Imagine a sports team that declared everyone was welcome but didn’t formally and publicly roll out the welcome mat for the quasi-pornographic Sisters of Perpetual Indulgence. (Is the promotion worth it if you’re alienating your team’s star pitcher?) Last year, the Los Angeles Dodgers led Major League Baseball in attendance; with the exception of 2020, the Dodgers have led MLB in attendance for the past nine seasons. Marketing the Dodgers in Los Angeles is like marketing water in the desert. The Dodgers don’t need to reach out to the Sisters of Perpetual Indulgence fanbase; they’re choosing to reach out, because someone in the organization likes that message. The irony is that a significant chunk of the attending fans, as well as the players, are Christian.

Hey, does any gay-rights group want to dress up as Muslim imams? Nah? Okay. We know the score. It’s safe to pick on Catholics, because Catholics are going to turn the other cheek and ignore you or offer mild protest. Dress up in drag to mock Muslims and there’s a good chance you’ll get firebombed. We saw this with the publication of Salman Rushdie’s The Satanic Verses, we saw this with the Muhammad cartoons, we saw this with Charlie Hebdo magazine over in France, and we see it now. What those who enjoy mocking Christianity ought to fear is the day that certain Christians look at the Muslims and realize intimidation, threats, and violence are an effective way to make their faith un-mockable. American society is perfectly okay with threats of violence in response to blasphemous speech, but we only tolerate it for certain faiths. There are good reasons to doubt that double standard is sustainable.

As Michael Jordan probably didn't really say but the quote still gets attributed to him, "Even Republicans buy shoes."  Just sell your product and make money.

Update, 6/21/23Did I call it?

Corporations that wrecked their images in woke marketing campaigns could pay a price for decisions that cost shareholders money.

On May 30, America First Legal took to Twitter on a fishing expedition looking for disgruntled shareholders who have seen their investments flow down the drain faster than a barrel of Bud Light since the beer’s embrace of transgender activist Dylan Mulvaney led to a weeks-long boycott that shows no sign of stopping.

“ATTENTION: Are you a shareholder of @Target @Kohls @abinbev, or other companies that are promoting transgender, LGBTQ and PRIDE products and diminishing shareholder value?

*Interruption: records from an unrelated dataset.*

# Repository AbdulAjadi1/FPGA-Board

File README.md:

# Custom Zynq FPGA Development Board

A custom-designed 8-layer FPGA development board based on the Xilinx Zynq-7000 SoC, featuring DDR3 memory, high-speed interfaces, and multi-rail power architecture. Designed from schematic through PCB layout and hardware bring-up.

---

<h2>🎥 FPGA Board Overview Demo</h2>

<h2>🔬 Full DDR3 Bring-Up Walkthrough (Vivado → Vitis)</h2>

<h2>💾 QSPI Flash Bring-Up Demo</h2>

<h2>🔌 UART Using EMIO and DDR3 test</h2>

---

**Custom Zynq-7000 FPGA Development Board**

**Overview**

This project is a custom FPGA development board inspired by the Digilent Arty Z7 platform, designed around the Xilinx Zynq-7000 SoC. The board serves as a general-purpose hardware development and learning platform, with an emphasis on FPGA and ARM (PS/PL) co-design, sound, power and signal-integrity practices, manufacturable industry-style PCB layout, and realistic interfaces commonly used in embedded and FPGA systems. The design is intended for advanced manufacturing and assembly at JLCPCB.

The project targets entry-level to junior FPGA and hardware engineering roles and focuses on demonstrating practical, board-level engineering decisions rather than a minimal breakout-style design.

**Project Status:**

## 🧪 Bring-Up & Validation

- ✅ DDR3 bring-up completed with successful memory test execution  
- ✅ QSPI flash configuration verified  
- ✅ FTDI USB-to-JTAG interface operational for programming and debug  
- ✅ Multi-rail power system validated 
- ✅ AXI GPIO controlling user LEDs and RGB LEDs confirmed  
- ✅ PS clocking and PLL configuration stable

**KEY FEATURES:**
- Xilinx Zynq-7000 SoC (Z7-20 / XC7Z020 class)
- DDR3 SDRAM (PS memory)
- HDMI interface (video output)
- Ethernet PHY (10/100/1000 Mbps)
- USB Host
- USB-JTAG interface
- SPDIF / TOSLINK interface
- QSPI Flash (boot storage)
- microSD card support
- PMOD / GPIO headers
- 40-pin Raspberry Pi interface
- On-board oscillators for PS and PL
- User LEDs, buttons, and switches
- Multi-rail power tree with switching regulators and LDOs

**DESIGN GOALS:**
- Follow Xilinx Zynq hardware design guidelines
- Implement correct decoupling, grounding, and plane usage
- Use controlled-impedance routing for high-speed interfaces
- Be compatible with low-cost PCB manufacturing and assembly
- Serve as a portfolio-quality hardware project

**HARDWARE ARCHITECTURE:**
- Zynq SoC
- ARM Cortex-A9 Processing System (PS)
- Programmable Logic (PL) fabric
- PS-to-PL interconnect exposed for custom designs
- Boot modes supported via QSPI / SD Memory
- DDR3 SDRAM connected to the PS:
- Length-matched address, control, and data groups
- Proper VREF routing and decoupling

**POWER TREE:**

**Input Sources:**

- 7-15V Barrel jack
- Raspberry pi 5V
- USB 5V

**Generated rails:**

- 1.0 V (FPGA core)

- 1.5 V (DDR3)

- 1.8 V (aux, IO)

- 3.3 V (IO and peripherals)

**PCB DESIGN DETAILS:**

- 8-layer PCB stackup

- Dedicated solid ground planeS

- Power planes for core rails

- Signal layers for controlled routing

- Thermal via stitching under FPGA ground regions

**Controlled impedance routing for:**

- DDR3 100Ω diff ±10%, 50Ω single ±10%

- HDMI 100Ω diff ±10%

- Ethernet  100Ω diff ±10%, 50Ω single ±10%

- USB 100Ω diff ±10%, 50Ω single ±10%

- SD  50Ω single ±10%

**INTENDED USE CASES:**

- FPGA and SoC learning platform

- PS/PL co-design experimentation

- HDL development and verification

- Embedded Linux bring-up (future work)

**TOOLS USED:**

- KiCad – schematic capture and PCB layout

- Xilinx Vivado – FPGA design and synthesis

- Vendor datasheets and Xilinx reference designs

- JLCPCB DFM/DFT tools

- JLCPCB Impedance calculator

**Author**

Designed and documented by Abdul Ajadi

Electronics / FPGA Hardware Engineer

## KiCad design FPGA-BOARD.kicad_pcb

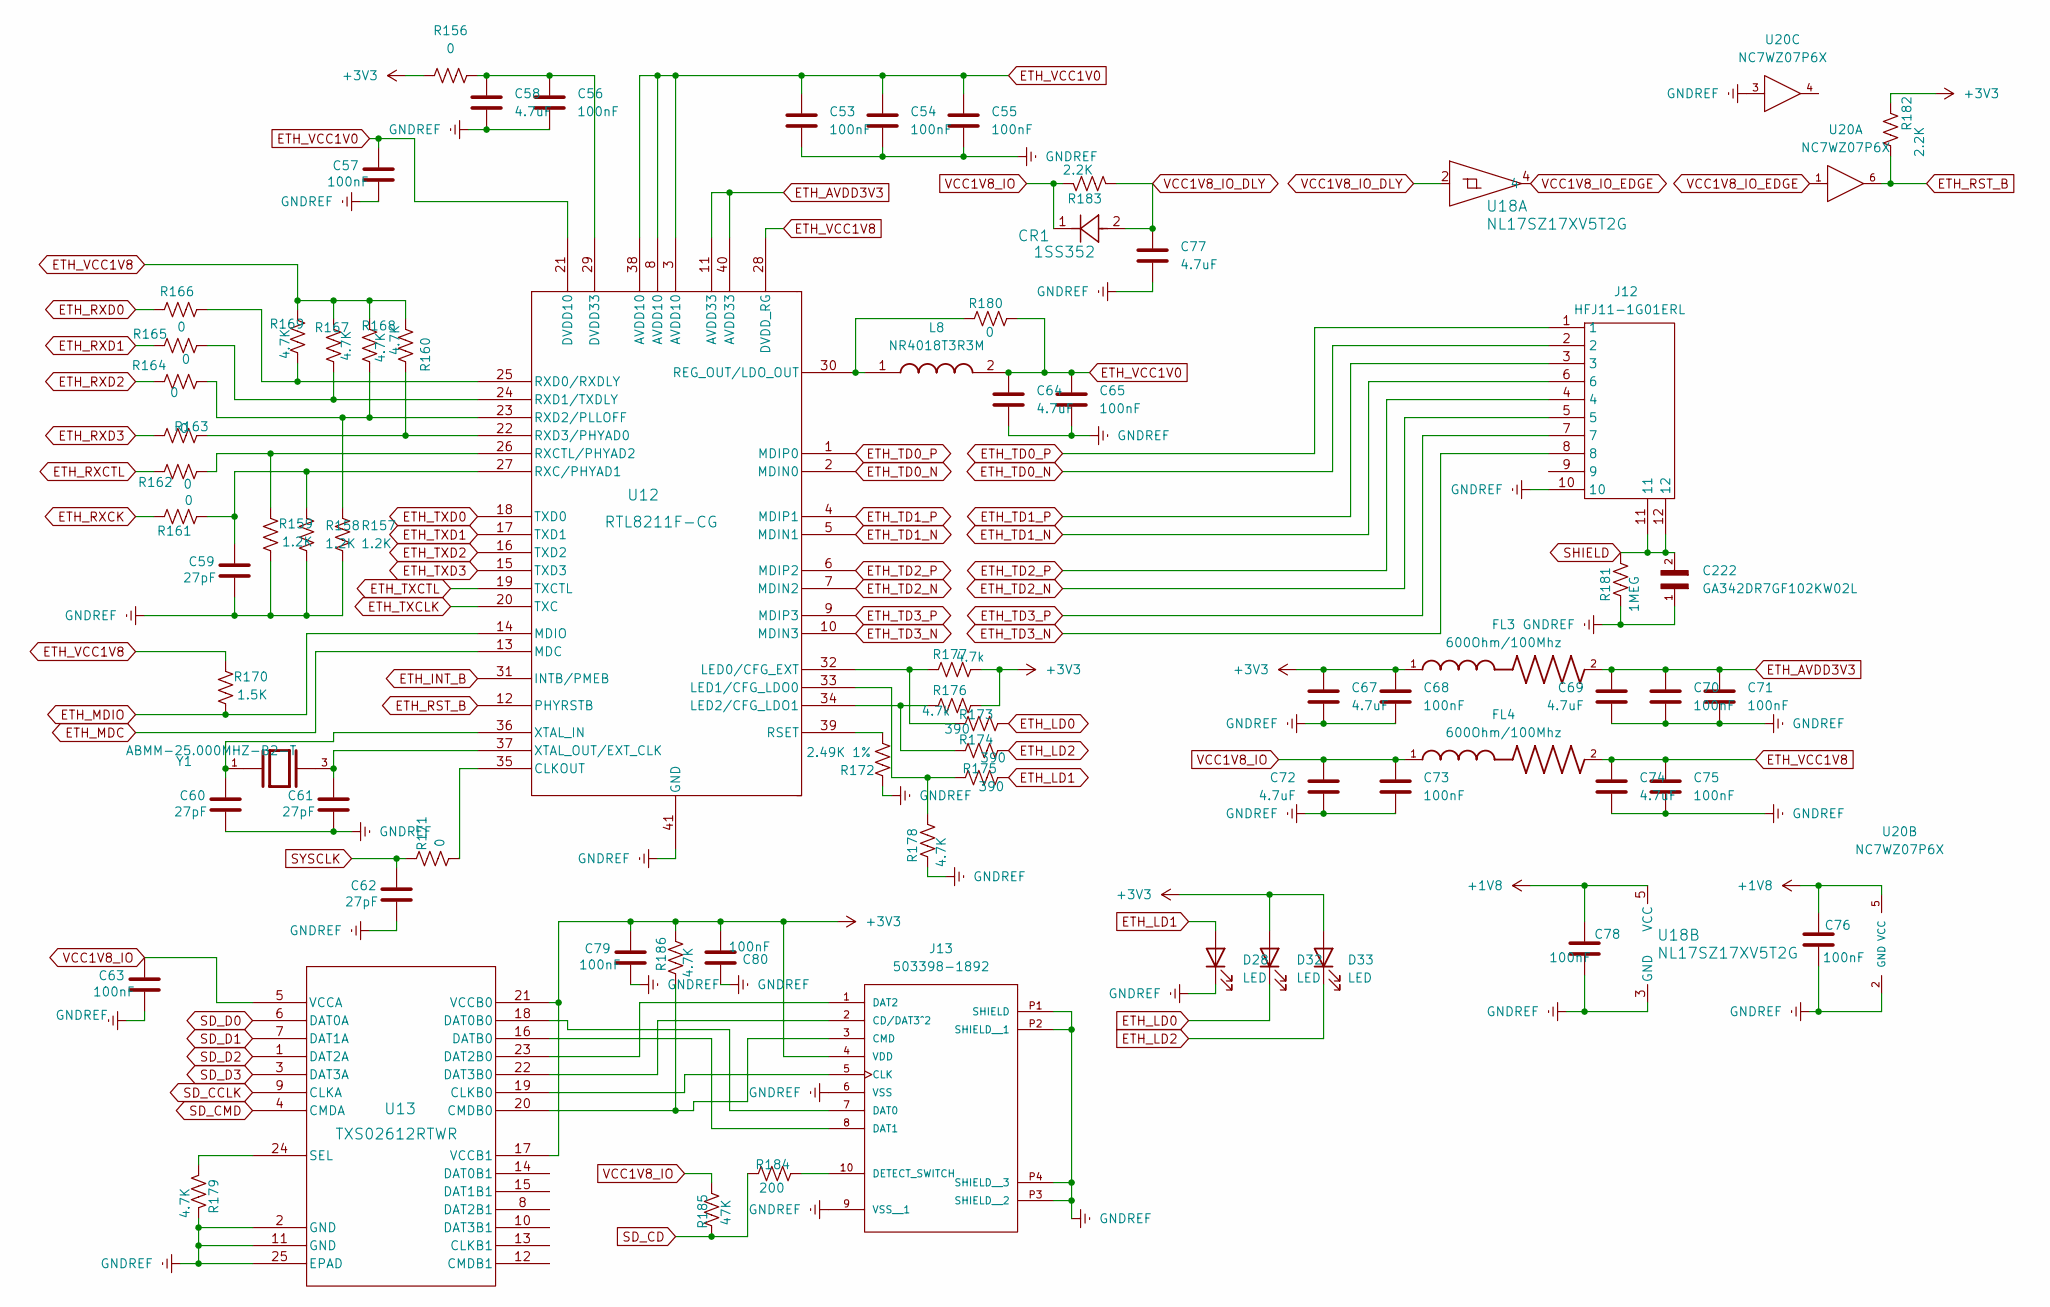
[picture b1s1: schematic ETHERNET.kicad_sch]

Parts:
C53, C54, C55, C56, C57, C63, C65, C68, C70, C71, C73, C75, C76, C78, C79, C80: 100nF; C_0201_0603Metric; LCSC PN c307380
C58, C64, C67, C69, C72, C74, C77: 4.7uF; C_0402; LCSC PN C2858031
C59, C60, C61, C62: 27pF; C_0201_0603Metric; LCSC PN C161381
C222: GA342DR7GF102KW02L; CAPC4520X220N; LCSC PN C237595
CR1: 1SS352; USC_TOS; LCSC PN C15885
D28, D32, D33: LED; LED_0402_1005Metric; LCSC PN C130723
FL3, FL4: 600Ohm/100Mhz; BEADC1608X95N; LCSC PN C19330
J12: HFJ11-1G01ERL; HALO_FASTJACK; Mouser Part Number 493-HFJ11-1G01ERL
J13: 503398-1892; MOLEX_503398-1892; PARTREV 0; LCSC PN C428492
L8: NR4018T3R3M; Mouser Part Number 963-NR4018T3R3M
R156, R171, R180: 0; R_0402; LCSC PN C106231
R157, R158, R159: 1.2K; R_0201_0603Metric; LCSC PN C327393
R160, R167, R168, R169, R178, R179, R186: 4.7K; R_0201_0603Metric; LCSC PN C138135
R161, R162, R163, R164, R165, R166: 0; R_0201_0603Metric; LCSC PN c106228
R170: 1.5K; R_0402; LCSC PN C114759
R172: 2.49K 1%; R_0402; LCSC PN C145071
R173, R174, R175: 390; R_0402; LCSC PN C137997
R176, R177: 4.7k; R_0402; LCSC PN C105871
R181: 1MEG; R_0402; LCSC PN C138033
R182, R183: 2.2K; R_0402; LCSC PN c114762
R184: 200; R_0402; LCSC PN C114764
R185: 47K; R_0402; LCSC PN C93943
U12: RTL8211F-CG; RTL8211F-CG_RTK; LCSC PN C187932
U13: TXS02612RTWR; RTW24_2P45X2P45; LCSC PN C140276
U18: NL17SZ17XV5T2G; SOT553-5_ONS; LCSC PN C152502
U20: NC7WZ07P6X; MPN NC7WZ07P6X; LCSC PN C95342
Y1: ABMM-25.000MHZ-B2-T; XTAL_ABMM-25.000MHZ-B2-T; PARTREV 02.26.12; LCSC PN C596927

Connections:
+1V8: C76.1, C78.1, U18.5 (VCC), U20.5 (VCC); also elsewhere on the board
+3V3: C67.1, C68.1, C79.1, C80.1, D32.2 (A), D33.2 (A), FL3.1, J13.4 (VDD), R156.2, R176.2, R177.2, R182.2, R186.2, U13.17 (VCCB1), U13.21 (VCCB0); also elsewhere on the board
ETH_AVDD3V3: C69.1, C70.1, C71.1, FL3.2, U12.11 (AVDD33), U12.40 (AVDD33)
ETH_INT_B: U12.31 (INTB/PMEB); also elsewhere on the board
ETH_LD0: D32.1 (K), R173.2
ETH_LD1: D28.2 (A), R175.2
ETH_LD2: D33.1 (K), R174.2
ETH_MDC: U12.13 (MDC); also elsewhere on the board
ETH_MDIO: R170.2, U12.14 (MDIO); also elsewhere on the board
ETH_RST_B: R182.1, U12.12 (PHYRSTB), U20.6; also elsewhere on the board
ETH_RXCK: R161.2; also elsewhere on the board
ETH_RXCTL: R162.2; also elsewhere on the board
ETH_RXD0: R166.2; also elsewhere on the board
ETH_RXD1: R165.2; also elsewhere on the board
ETH_RXD2: R164.2; also elsewhere on the board
ETH_RXD3: R163.2; also elsewhere on the board
ETH_TD0_N: J12.2, U12.2 (MDIN0)
ETH_TD0_P: J12.1, U12.1 (MDIP0)
ETH_TD1_N: J12.6, U12.5 (MDIN1)
ETH_TD1_P: J12.3, U12.4 (MDIP1)
ETH_TD2_N: J12.5, U12.7 (MDIN2)
ETH_TD2_P: J12.4, U12.6 (MDIP2)
ETH_TD3_N: J12.8, U12.10 (MDIN3)
ETH_TD3_P: J12.7, U12.9 (MDIP3)
ETH_TXCLK: U12.20 (TXC); also elsewhere on the board
ETH_TXCTL: U12.19 (TXCTL); also elsewhere on the board
ETH_TXD0: U12.18 (TXD0); also elsewhere on the board
ETH_TXD1: U12.17 (TXD1); also elsewhere on the board
ETH_TXD2: U12.16 (TXD2); also elsewhere on the board
ETH_TXD3: U12.15 (TXD3); also elsewhere on the board
ETH_VCC1V0: C53.1, C54.1, C55.1, C57.1, C64.1, C65.1, L8.2, R180.2, U12.3 (AVDD10), U12.8 (AVDD10), U12.21 (DVDD10), U12.38 (AVDD10)
ETH_VCC1V8: C74.1, C75.1, FL4.2, R160.1, R167.1, R168.1, R169.1, R170.1, U12.28 (DVDD_RG)
GNDREF: C53.2, C54.2, C55.2, C56.2, C57.2, C58.2, C59.2, C60.2, C61.2, C62.2, C63.2, C64.2, C65.2, C67.2, C68.2, C69.2, C70.2, C71.2, C72.2, C73.2, C74.2, C75.2, C76.2, C77.2, C78.2, C79.2, C80.2, C222.1, D28.1 (K), J12.10, J13.6 (VSS), J13.9 (VSS__1), J13.P1 (SHIELD), J13.P2 (SHIELD__1), J13.P3 (SHIELD__2), J13.P4 (SHIELD__3), R157.2, R158.2, R159.2, R172.1, R178.1, R179.1, R181.1, U12.41 (GND), U13.2 (GND), U13.11 (GND), U13.25 (EPAD), U13.V, U18.3 (GND), U20.2 (GND), U20.3; also elsewhere on the board
unnamed: J13.2 (CD/DAT3^2), U13.22 (DAT3B0)
unnamed: J13.5 (CLK), U13.19 (CLKB0)
unnamed: J13.3 (CMD), R186.1, U13.20 (CMDB0)
unnamed: J13.7 (DAT0), U13.18 (DAT0B0)
unnamed: J13.8 (DAT1), U13.16 (DATB0)
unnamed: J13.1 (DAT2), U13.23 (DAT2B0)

We want to hear from you,” the law firm posted...

Newsweek wrote that the strategy appears to be to sue the companies over decisions that led to massive stock declines.

4 comments:

Ellen K said...

Everyone who has stocks or mutual funds should be checking to see if their managers have adjusted stock holdings to keep them from losing money. While conventional investing says hold onto long time stocks, this may be something that leads to Anheuser Busch being bought out. Target may survive this storm, but Kohls will not. I've been in my local Kohl's and I KNOW that there's less backstock and fewer selections in many departments. Just as you can tell a grocery store ready to go under by the smell of rotting produce left in place, you can see which stores are struggling by empty shelves, or worse, shelves made to appear full by stocking products from other departments. Kohls used to have wall displays with merchandise for sale, they have taken those down. The much pushed Sephora department adds are still filled with clearance items. Walmart too has some questions to answer on these issues. Stop pushing agenda. Make a good product, offer customer service and SELL THE PRODUCT not the image.

Anonymous said...

Boycotting a business over politics is silly.

Darren said...

I'm sure you watch FoxNews on a regular basis.

Anna A said...

I don't boycott Target because of politics, but due to business decisions. If they want to push certain items to certain age groups, go ahead, but I will be taking my business elsewhere.

Besides, wasn't Rosa Parks boycott over politics?